And the POSIX "stings are equal" test operator is =.
something like this?
#!/bin/bash
EXPECTED="hello world"
OUTPUT=$(echo "hello world!!!!")
OK="$?" # return value of prev command (echo 'hellow world!!!!')
if [ "$OK" -eq 0 ];then
if [ "$OUTPUT" = "$EXPECTED" ];then
echo "success!"
else
echo "output was: $OUTPUT, not $EXPECTED"
fi
else
echo "return value $OK (not ok)"
fi
You can check the exit_code of the previous program like:
someprogram
id [[ $? -eq 0 ]] ; then
someotherprogram
fi
Note, normally the 0 exit code means successful finish.
You can do it shorter:
someprogram && someotherprogram
With the above someotherprogram only executes if someprogram finished successfully.

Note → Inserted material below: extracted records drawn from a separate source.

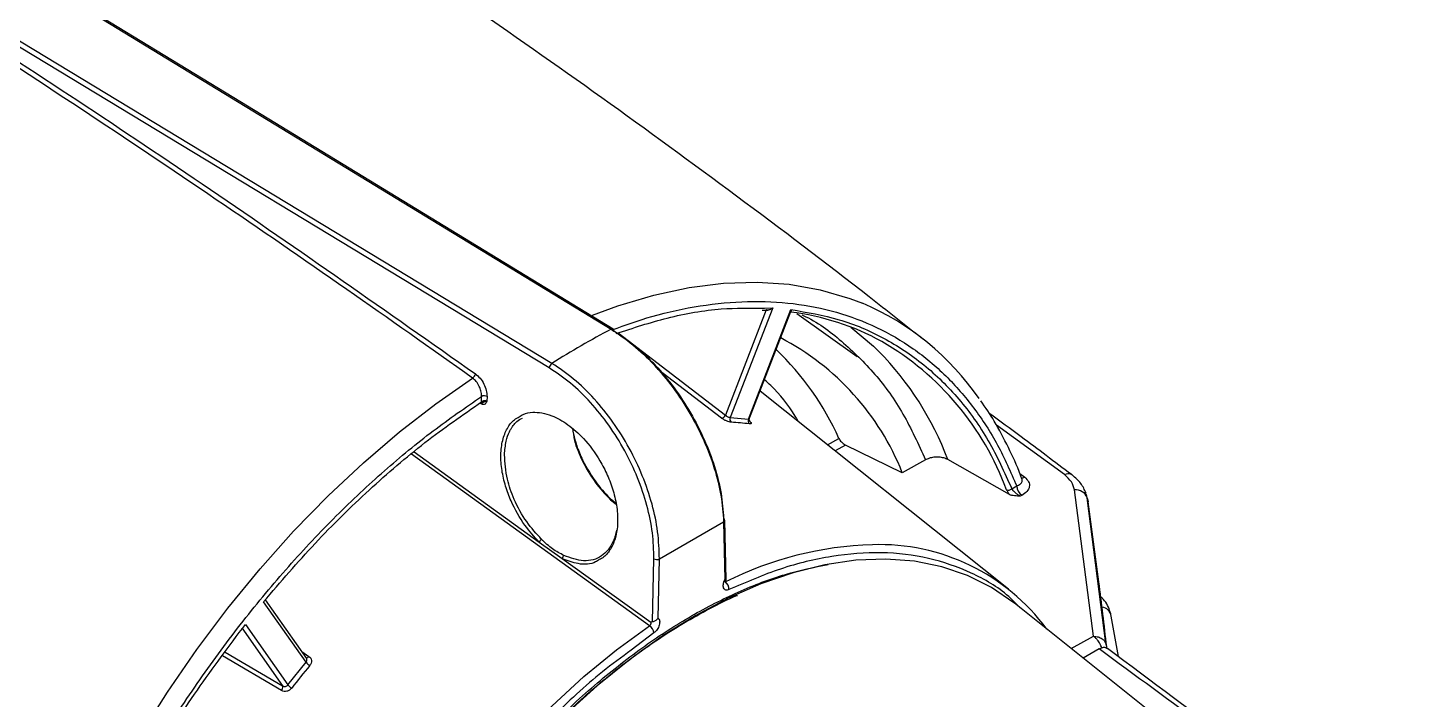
# Model space of a CAD drawing. Extents: x 7 to 135, y 3 to 97.
# Drawn here: x 99.84 to 105.27, y 9.06 to 11.7 of the extents above; entities that cross this region are included whole.
import ezdxf

# ---------------------------------------------------------------- set-up
doc = ezdxf.new("R2010")
doc.units = 0
doc.header["$MEASUREMENT"] = 0
doc.layers.add('OBJECT', color=7, linetype='CONTINUOUS')

msp = doc.modelspace()

# ---------------------------------------------------------------- linework, layer by layer
at = {"layer": 'OBJECT'}
for p, q in [((99.1299, 12.3403), (102.1244, 10.5148)), ((101.8818, 10.3631), (98.8763, 12.1823)), ((101.8921, 10.3807), (98.8866, 12.1999)), ((102.7568, 10.5981), (102.5904, 10.1692)), ((102.6619, 10.1628), (102.8283, 10.5917)), ((102.7246, 10.5975), (102.7568, 10.5981)), ((102.7319, 10.5909), (102.5719, 10.1784)), ((102.664, 10.1601), (102.8285, 10.5842)), ((102.7161, 10.5893), (102.7394, 10.5892)), ((103.0884, 10.406), (102.8513, 10.5757)), ((102.1244, 10.5148), (102.1342, 10.5088)), ((102.1517, 10.5001), (102.5719, 10.1784)), ((102.5567, 10.1663), (102.3057, 10.3585)), ((103.6808, 9.4959), (102.7075, 10.2723)), ((101.6164, 10.2302), (101.6168, 10.2513)), ((101.638, 10.251), (101.6376, 10.2326)), ((102.5904, 10.1692), (102.6619, 10.1628)), ((103.8994, 9.945), (103.6332, 10.1388)), ((102.9716, 10.0617), (103.0162, 10.0865)), ((103.0426, 10.061), (103.0013, 10.038)), ((103.2647, 9.9525), (103.0426, 10.061)), ((102.2745, 9.3532), (101.3417, 10.0253)), ((101.3521, 10.0342), (101.8425, 9.6808)), ((103.3554, 10.0031), (103.2647, 9.9525)), ((103.6843, 9.867), (103.4429, 10.0038)), ((103.7251, 9.9489), (103.7444, 9.9349)), ((103.6933, 9.8899), (103.7126, 9.9007)), ((102.1174, 9.8512), (102.1453, 9.8312)), ((102.1262, 9.8446), (102.1183, 9.8502)), ((102.1214, 9.8467), (102.1434, 9.8289)), ((102.1443, 9.8315), (102.1262, 9.8446)), ((103.7332, 9.8639), (103.7267, 9.8603)), ((104.0131, 9.3115), (103.9393, 9.885)), ((103.9829, 9.87), (103.9803, 9.8765)), ((103.9889, 9.8546), (103.9829, 9.87)), ((103.9861, 9.8645), (103.9841, 9.8704)), ((103.9891, 9.8532), (103.9863, 9.867)), ((104.0619, 9.2833), (103.9889, 9.8546)), ((104.0638, 9.279), (103.9907, 9.8492)), ((102.3128, 9.6149), (102.5645, 9.7602)), ((102.5645, 9.7602), (102.5697, 9.5337)), ((102.5743, 9.5325), (102.5689, 9.7667)), ((101.8425, 9.6808), (101.9327, 9.6159)), ((101.9327, 9.6159), (102.2789, 9.3664)), ((102.2861, 9.368), (102.2916, 9.6152)), ((102.3076, 9.3824), (102.3128, 9.6149)), ((100.9315, 9.224), (100.7695, 9.4545)), ((100.9292, 9.2102), (100.7628, 9.447)), ((105.2701, 8.1915), (103.704, 9.4408)), ((100.6772, 9.3448), (100.8372, 9.1171)), ((100.6913, 9.358), (100.8577, 9.1212)), ((102.2861, 9.368), (102.2789, 9.3664)), ((104.1109, 9.232), (104.0829, 9.3909)), ((102.2916, 9.3249), (102.2026, 9.2576)), ((103.9266, 9.2633), (104.0131, 9.3115)), ((104.0131, 9.3115), (104.0132, 9.3115)), ((100.8326, 9.0992), (100.6012, 9.235)), ((100.6117, 9.2494), (100.8372, 9.1171)), ((100.9119, 9.2519), (100.9402, 9.2331)), ((104.0353, 9.2625), (103.9728, 9.2264)), ((104.0661, 9.2664), (104.0659, 9.2681)), ((104.0661, 9.2649), (104.0661, 9.2664)), ((100.8577, 9.1212), (100.9292, 9.2102))]:
    msp.add_line(p, q, dxfattribs=at)
at = {"layer": 'OBJECT', "flags": 128}
for points in [[(102.1314, 10.5152), (100.6458, 11.4208), (99.1369, 12.3408)], [(102.0509, 10.57), (102.1503, 10.6067), (102.2912, 10.6487), (102.4294, 10.6783), (102.5644, 10.6952), (102.6954, 10.6994), (102.8219, 10.6908), (102.9433, 10.6695), (103.059, 10.6356), (103.1086, 10.6165)], [(103.0632, 10.5228), (103.1524, 10.4479), (103.173, 10.4279)], [(99.7219, 7.6315), (99.7756, 7.8179), (99.8383, 8.005), (99.9098, 8.1918), (99.9897, 8.3775), (100.0777, 8.5613), (100.1733, 8.7422), (100.2761, 8.9195), (100.3856, 9.0923), (100.5013, 9.2598), (100.6227, 9.4212), (100.7492, 9.5759), (100.8803, 9.723), (101.0152, 9.8619), (101.1534, 9.9919), (101.2943, 10.1125), (101.4371, 10.223), (101.5813, 10.3231)], [(101.6164, 10.2302), (101.6163, 10.228), (101.6159, 10.2262), (101.615, 10.2247), (101.6138, 10.2237), (101.6124, 10.2231), (101.6106, 10.2231), (101.6087, 10.2235), (101.6078, 10.2238)], [(103.927, 9.9457), (103.9281, 9.9451), (103.9302, 9.9436)], [(102.1214, 9.8467), (102.1227, 9.8474), (102.1238, 9.8478), (102.1248, 9.8479), (102.1256, 9.8478), (102.1262, 9.8473), (102.1264, 9.8466), (102.1265, 9.8457), (102.1262, 9.8446)], [(103.9907, 9.8492), (103.9922, 9.8398), (103.9922, 9.8383)], [(103.704, 9.4408), (103.7016, 9.4428), (103.6145, 9.5026), (103.5201, 9.5499), (103.419, 9.5844), (103.312, 9.6059), (103.1995, 9.6144), (103.0824, 9.6096), (102.9613, 9.5917), (102.8371, 9.5607), (102.7105, 9.5169), (102.5822, 9.4605), (102.4532, 9.3919), (102.3242, 9.3115), (102.1959, 9.2198), (102.0693, 9.1175), (101.9451, 9.005)], [(100.941, 7.5117), (101.0019, 7.6804), (101.0719, 7.8482), (101.1504, 8.0142), (101.237, 8.1772), (101.3311, 8.3363), (101.4321, 8.4904), (101.5394, 8.6385), (101.6522, 8.7798), (101.77, 8.9132), (101.8919, 9.0381), (102.0171, 9.1535), (102.145, 9.2587), (102.2745, 9.3532)], [(104.0661, 9.2664), (104.066, 9.2694), (104.0638, 9.279)]]:
    msp.add_lwpolyline(points, dxfattribs=at)
at = {"layer": 'OBJECT'}
for centre, radius, start, end in [((102.6991, 9.6501), 1.0495, 34.3991, 67.0351), ((102.6996, 9.5776), 1.0127, 61.3843, 82.729), ((103.5425, 7.79), 3.0717, 117.4955, 122.4991), ((102.1281, 10.5098), 0.00621, 351.1465, 126.4154), ((102.029, 9.6507), 1.0791, 23.8199, 46.5938), ((102.3159, 9.5755), 1.0209, 21.6703, 62.4368), ((102.6239, 9.4994), 1.1179, 20.2215, 59.8977), ((101.9056, 10.3609), 0.0239, 124.3432, 174.8174), ((102.3006, 9.5746), 1.2203, 20.5924, 44.3653), ((101.5667, 10.3447), 0.0261, 303.878, 349.2907), ((101.6099, 10.2218), 0.00639, 356.9401, 31.2317), ((101.6271, 10.2301), 0.0236, 62.5085, 115.8294), ((102.5529, 10.1865), 0.0206, 280.6874, 336.986), ((102.6062, 10.1628), 0.017, 157.8842, 227.4941), ((102.677, 10.156), 0.0166, 155.8062, 227.1074), ((102.5429, 9.1708), 0.9808, 82.8057, 86.9753), ((103.914, 9.9171), 0.0314, 65.5466, 117.7359), ((103.6802, 9.9023), 0.018, 246.0578, 316.3418), ((103.7581, 9.902), 0.0455, 181.6244, 236.743), ((103.736, 9.9513), 0.0185, 247.0012, 297.0448), ((103.9439, 9.8369), 0.0484, 21.5678, 95.5173), ((102.3144, 9.3007), 1.7638, 18.1182, 18.3036), ((102.5619, 9.7665), 0.00677, 292.0221, 67.7669), ((101.8635, 9.6713), 0.023, 120.3897, 155.5937), ((103.1887, 8.2975), 1.3736, 91.7265, 116.6914), ((103.1743, 8.8544), 0.8165, 36.4555, 91.8928), ((101.9472, 9.6161), 0.0145, 123.4851, 180.9389), ((102.3025, 9.6362), 0.0236, 242.5085, 295.8294), ((102.5493, 9.4961), 0.0364, 357.7676, 51.984), ((104.0414, 9.3845), 0.042, 8.8459, 82.4489), ((102.2498, 9.3189), 0.0423, 8.2541, 54.1987), ((103.9781, 6.6849), 3.9394, 140.3804, 142.0304), ((100.9295, 9.2401), 0.0128, 268.894, 326.8471), ((100.9712, 9.2417), 0.0524, 216.8577, 238.2438), ((100.8182, 9.1125), 0.0196, 317.4247, 13.7184), ((100.9049, 9.1617), 0.0621, 220.5985, 238.5846)]:
    msp.add_arc(centre, radius, start, end, dxfattribs=at)
for points, knots in [([(101.5813, 10.3231), (101.417, 10.4395), (101.0827, 10.6764), (100.5717, 11.0274), (100.0433, 11.3819), (99.513, 11.7278), (98.9855, 12.0628), (98.4652, 12.384), (97.9411, 12.6991), (97.5904, 12.9023), (97.4144, 13.0042)], [0, 0, 0, 0, 0.118989, 0.241992, 0.369009, 0.500039, 0.623805, 0.748387, 0.873785, 1, 1, 1, 1]), ([(97.4243, 13.0219), (97.773, 12.8182), (98.4702, 12.411), (99.5141, 11.7548), (100.5556, 11.0691), (101.2469, 10.583), (101.5924, 10.3399)], [0, 0, 0, 0, 0.25003, 0.5000579, 0.7500548, 1, 1, 1, 1]), ([(103.344, 10.4768), (103.2746, 10.5318), (103.035, 10.7218), (102.6163, 11.0373), (102.0883, 11.4236), (101.5511, 11.7994), (101.1087, 12.0994), (100.8429, 12.2703), (100.7614, 12.3227)], [0, 0, 0, 0, 0.083949, 0.289789, 0.495873, 0.702164, 0.908626, 1, 1, 1, 1]), ([(102.1275, 10.5125), (102.1798, 10.5311), (102.2969, 10.5727), (102.4748, 10.6098), (102.6604, 10.6275), (102.8394, 10.6192), (103.0087, 10.5853), (103.166, 10.5261), (103.3094, 10.4424), (103.4368, 10.3361), (103.5469, 10.2092), (103.6405, 10.0655), (103.6887, 9.9553), (103.7126, 9.9007)], [0, 0, 0, 0, 0.073937, 0.165467, 0.258957, 0.353004, 0.447496, 0.541994, 0.636041, 0.729525, 0.821061, 0.911248, 1, 1, 1, 1]), ([(102.1435, 10.4976), (102.2106, 10.5197), (102.351, 10.5659), (102.5461, 10.5989), (102.6688, 10.5979), (102.7246, 10.5975)], [0, 0, 0, 0, 0.3328913, 0.6964746, 1, 1, 1, 1]), ([(102.7568, 10.5981), (102.7551, 10.5967), (102.7517, 10.594), (102.7461, 10.5913), (102.7413, 10.59), (102.7376, 10.5897), (102.7344, 10.5899), (102.7327, 10.5906), (102.7319, 10.5909)], [0, 0, 0, 0, 0.249829, 0.499343, 0.644997, 0.775034, 0.892148, 1, 1, 1, 1]), ([(102.8283, 10.5917), (102.8921, 10.5808), (103.0203, 10.5588), (103.194, 10.4846), (103.3518, 10.3807), (103.489, 10.2452), (103.6059, 10.0836), (103.6642, 9.9543), (103.6933, 9.8899)], [0, 0, 0, 0, 0.165461, 0.332207, 0.5, 0.667784, 0.834534, 1, 1, 1, 1]), ([(102.8283, 10.5917), (102.8287, 10.5901), (102.8293, 10.5872), (102.8287, 10.5852), (102.8284, 10.5843)], [0, 0, 0, 0, 0.543159, 1, 1, 1, 1]), ([(102.8705, 10.5711), (102.8725, 10.5702), (102.9301, 10.5458), (103.0283, 10.4702), (103.1604, 10.343), (103.2715, 10.1876), (103.3275, 10.0644), (103.3554, 10.0031)], [0, 0, 0, 0, 0.008989, 0.257952, 0.506901, 0.75437, 1, 1, 1, 1]), ([(102.1244, 10.5148), (102.1529, 10.4955), (102.21, 10.4571), (102.2921, 10.3781), (102.3678, 10.2871), (102.4342, 10.1861), (102.4893, 10.0787), (102.5301, 9.9699), (102.5576, 9.8612), (102.5621, 9.7944), (102.5645, 9.7602)], [0, 0, 0, 0, 0.125536, 0.250753, 0.375675, 0.500324, 0.624651, 0.75007, 0.872262, 1, 1, 1, 1]), ([(102.1342, 10.5088), (102.1621, 10.49), (102.2177, 10.4526), (102.298, 10.3754), (102.3719, 10.2868), (102.4369, 10.1879), (102.4907, 10.0831), (102.531, 9.9762), (102.5577, 9.8705), (102.5622, 9.8053), (102.5645, 9.7728)], [0, 0, 0, 0, 0.125719, 0.250525, 0.375694, 0.500217, 0.625479, 0.750016, 0.875168, 1, 1, 1, 1]), ([(102.3128, 9.6149), (102.3118, 9.65), (102.3099, 9.7186), (102.2862, 9.8298), (102.2487, 9.9406), (102.1967, 10.0496), (102.1327, 10.152), (102.0588, 10.2437), (101.9777, 10.3232), (101.9207, 10.3615), (101.8921, 10.3807)], [0, 0, 0, 0, 0.128141, 0.25071, 0.37607, 0.500341, 0.624825, 0.749582, 0.874632, 1, 1, 1, 1]), ([(101.6168, 10.2513), (101.6168, 10.2551), (101.6167, 10.2622), (101.6139, 10.2757), (101.6077, 10.2922), (101.5962, 10.3104), (101.5862, 10.3189), (101.5813, 10.3231)], [0, 0, 0, 0, 0.149148, 0.282417, 0.50059, 0.756832, 1, 1, 1, 1]), ([(101.5924, 10.3399), (101.5987, 10.3346), (101.6113, 10.3239), (101.6264, 10.3005), (101.6365, 10.2748), (101.6375, 10.259), (101.638, 10.251)], [0, 0, 0, 0, 0.250228, 0.500087, 0.750006, 1, 1, 1, 1]), ([(102.2916, 9.6152), (102.2908, 9.6488), (102.2891, 9.7158), (102.2663, 9.8242), (102.2297, 9.9332), (102.1789, 10.0399), (102.1164, 10.1401), (102.0441, 10.2298), (101.9651, 10.3072), (101.9096, 10.3445), (101.8818, 10.3631)], [0, 0, 0, 0, 0.1256658, 0.2505387, 0.3756704, 0.5002271, 0.6254859, 0.7500199, 0.8751766, 1, 1, 1, 1]), ([(102.8581, 10.1523), (102.8539, 10.1595), (102.8233, 10.2132), (102.7786, 10.2687), (102.7332, 10.309), (102.7247, 10.3165)], [0, 0, 0, 0, 0.112275, 0.83467, 1, 1, 1, 1]), ([(99.807, 7.646), (99.8309, 7.7283), (99.8791, 7.8941), (99.9728, 8.1459), (100.0828, 8.3999), (100.2103, 8.6533), (100.3536, 8.9026), (100.511, 9.1434), (100.6803, 9.3728), (100.8592, 9.5875), (101.0447, 9.7846), (101.2342, 9.9617), (101.4249, 10.1194), (101.5532, 10.2076), (101.6168, 10.2513)], [0, 0, 0, 0, 0.080321, 0.16194, 0.244772, 0.329378, 0.414487, 0.5, 0.585518, 0.670628, 0.755228, 0.838065, 0.919682, 1, 1, 1, 1]), ([(100.7628, 9.447), (100.8292, 9.5245), (100.9624, 9.68), (101.1749, 9.8877), (101.3934, 10.0755), (101.5422, 10.1787), (101.6164, 10.2302)], [0, 0, 0, 0, 0.249262, 0.5, 0.750738, 1, 1, 1, 1]), ([(101.6086, 10.2256), (101.6094, 10.2252), (101.6111, 10.2245), (101.6146, 10.2243), (101.6172, 10.2255), (101.619, 10.2263)], [0, 0, 0, 0, 0.23724, 0.478969, 1, 1, 1, 1]), ([(101.6376, 10.2326), (101.6355, 10.228), (101.6324, 10.2212), (101.625, 10.2189), (101.6201, 10.2196), (101.6175, 10.2209), (101.6162, 10.2215)], [0, 0, 0, 0, 0.500411, 0.749563, 0.874847, 1, 1, 1, 1]), ([(101.6376, 10.2326), (101.6361, 10.2332), (101.6338, 10.2341), (101.63, 10.2344), (101.6264, 10.2343), (101.6227, 10.2335), (101.6191, 10.232), (101.6173, 10.2308), (101.6164, 10.2302)], [0, 0, 0, 0, 0.239892, 0.367317, 0.499487, 0.699788, 0.837499, 1, 1, 1, 1]), ([(101.619, 10.2263), (101.6216, 10.2278), (101.6258, 10.2302), (101.6326, 10.2324), (101.6359, 10.2325), (101.6376, 10.2326)], [0, 0, 0, 0, 0.41307, 0.690928, 1, 1, 1, 1]), ([(103.7328, 9.9283), (103.7311, 9.9332), (103.716, 9.9767), (103.6805, 10.0526), (103.6294, 10.1507), (103.5903, 10.2081), (103.5723, 10.2345)], [0, 0, 0, 0, 0.042292, 0.37729, 0.713916, 1, 1, 1, 1]), ([(101.8425, 9.6808), (101.8232, 9.7018), (101.7801, 9.7486), (101.7363, 9.8274), (101.7088, 9.9013), (101.6946, 9.963), (101.6903, 10.0243), (101.6973, 10.0808), (101.7157, 10.1272), (101.7386, 10.1583), (101.7576, 10.1685), (101.7642, 10.172)], [0, 0, 0, 0, 0.136879, 0.305055, 0.401289, 0.50431, 0.612411, 0.723242, 0.834071, 0.942167, 1, 1, 1, 1]), ([(101.7063, 10.0232), (101.7078, 10.0413), (101.7104, 10.0746), (101.722, 10.1062), (101.7315, 10.1243), (101.7376, 10.1336), (101.7434, 10.1414), (101.7489, 10.1476), (101.7588, 10.1578), (101.7687, 10.1628), (101.7766, 10.1667)], [0, 0, 0, 0, 0.276876, 0.505744, 0.583894, 0.654327, 0.717044, 0.772044, 0.819326, 1, 1, 1, 1]), ([(101.7642, 10.172), (101.7691, 10.1753), (101.7844, 10.1856), (101.8259, 10.1923), (101.8859, 10.1826), (101.9552, 10.1439), (102.0215, 10.0848), (102.0739, 10.0141), (102.1107, 9.9426), (102.1337, 9.8805), (102.1479, 9.816), (102.1512, 9.7536), (102.143, 9.6981), (102.124, 9.6538), (102.1016, 9.6248), (102.0837, 9.6152), (102.0776, 9.6119)], [0, 0, 0, 0, 0.02924, 0.091517, 0.200352, 0.288936, 0.37752, 0.486357, 0.548634, 0.615305, 0.685265, 0.756994, 0.828724, 0.898686, 0.96536, 1, 1, 1, 1]), ([(102.5947, 10.1502), (102.592, 10.1506), (102.5866, 10.1513), (102.576, 10.1551), (102.5654, 10.1603), (102.5596, 10.1643), (102.5567, 10.1663)], [0, 0, 0, 0, 0.24998, 0.499782, 0.749127, 1, 1, 1, 1]), ([(102.5719, 10.1784), (102.5726, 10.1778), (102.574, 10.1765), (102.577, 10.1742), (102.5812, 10.1718), (102.5863, 10.1697), (102.5891, 10.1694), (102.5904, 10.1692)], [0, 0, 0, 0, 0.139818, 0.270029, 0.501055, 0.752073, 1, 1, 1, 1]), ([(102.6619, 10.1628), (102.663, 10.1627), (102.6648, 10.1626), (102.665, 10.1635), (102.6652, 10.1639)], [0, 0, 0, 0, 0.612522, 1, 1, 1, 1]), ([(102.6644, 10.156), (102.6644, 10.156), (102.6646, 10.1559), (102.6645, 10.1567), (102.6642, 10.1592), (102.665, 10.1622), (102.6654, 10.1637)], [0, 0, 0, 0, 0.042202, 0.239086, 0.619994, 1, 1, 1, 1]), ([(103.927, 9.9457), (103.8615, 9.9949), (103.7545, 10.0751), (103.6462, 10.1549), (103.6042, 10.1858)], [0, 0, 0, 0, 0.611773, 1, 1, 1, 1]), ([(101.9728, 10.127), (101.9747, 10.1111), (101.9796, 10.0708), (102.0106, 9.9965), (102.0579, 9.9142), (102.1006, 9.8687), (102.1214, 9.8467)], [0, 0, 0, 0, 0.16678, 0.421361, 0.719673, 1, 1, 1, 1]), ([(101.9764, 10.105), (101.9802, 10.0896), (101.9887, 10.0558), (102.0175, 9.9883), (102.0629, 9.9114), (102.1065, 9.8653), (102.1262, 9.8446)], [0, 0, 0, 0, 0.164932, 0.364508, 0.714269, 1, 1, 1, 1]), ([(102.6643, 10.1566), (102.6665, 10.1547), (102.671, 10.1508), (102.6733, 10.1464), (102.6719, 10.1437), (102.6678, 10.1438), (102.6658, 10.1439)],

Or if you want to test for unsuccessful exit:
someprogram || someotherprogram
HTH
Putting the command betweeen $( and ) or backticks (`) will substitute that expression into the return value of the command. So basically:
if [ `echo test` == "test"]; then
echo "echo test outputs test on shell"
fi
or
if [ $(echo test) == "test"]; then
echo "echo test outputs test on shell"
fi
will do the trick.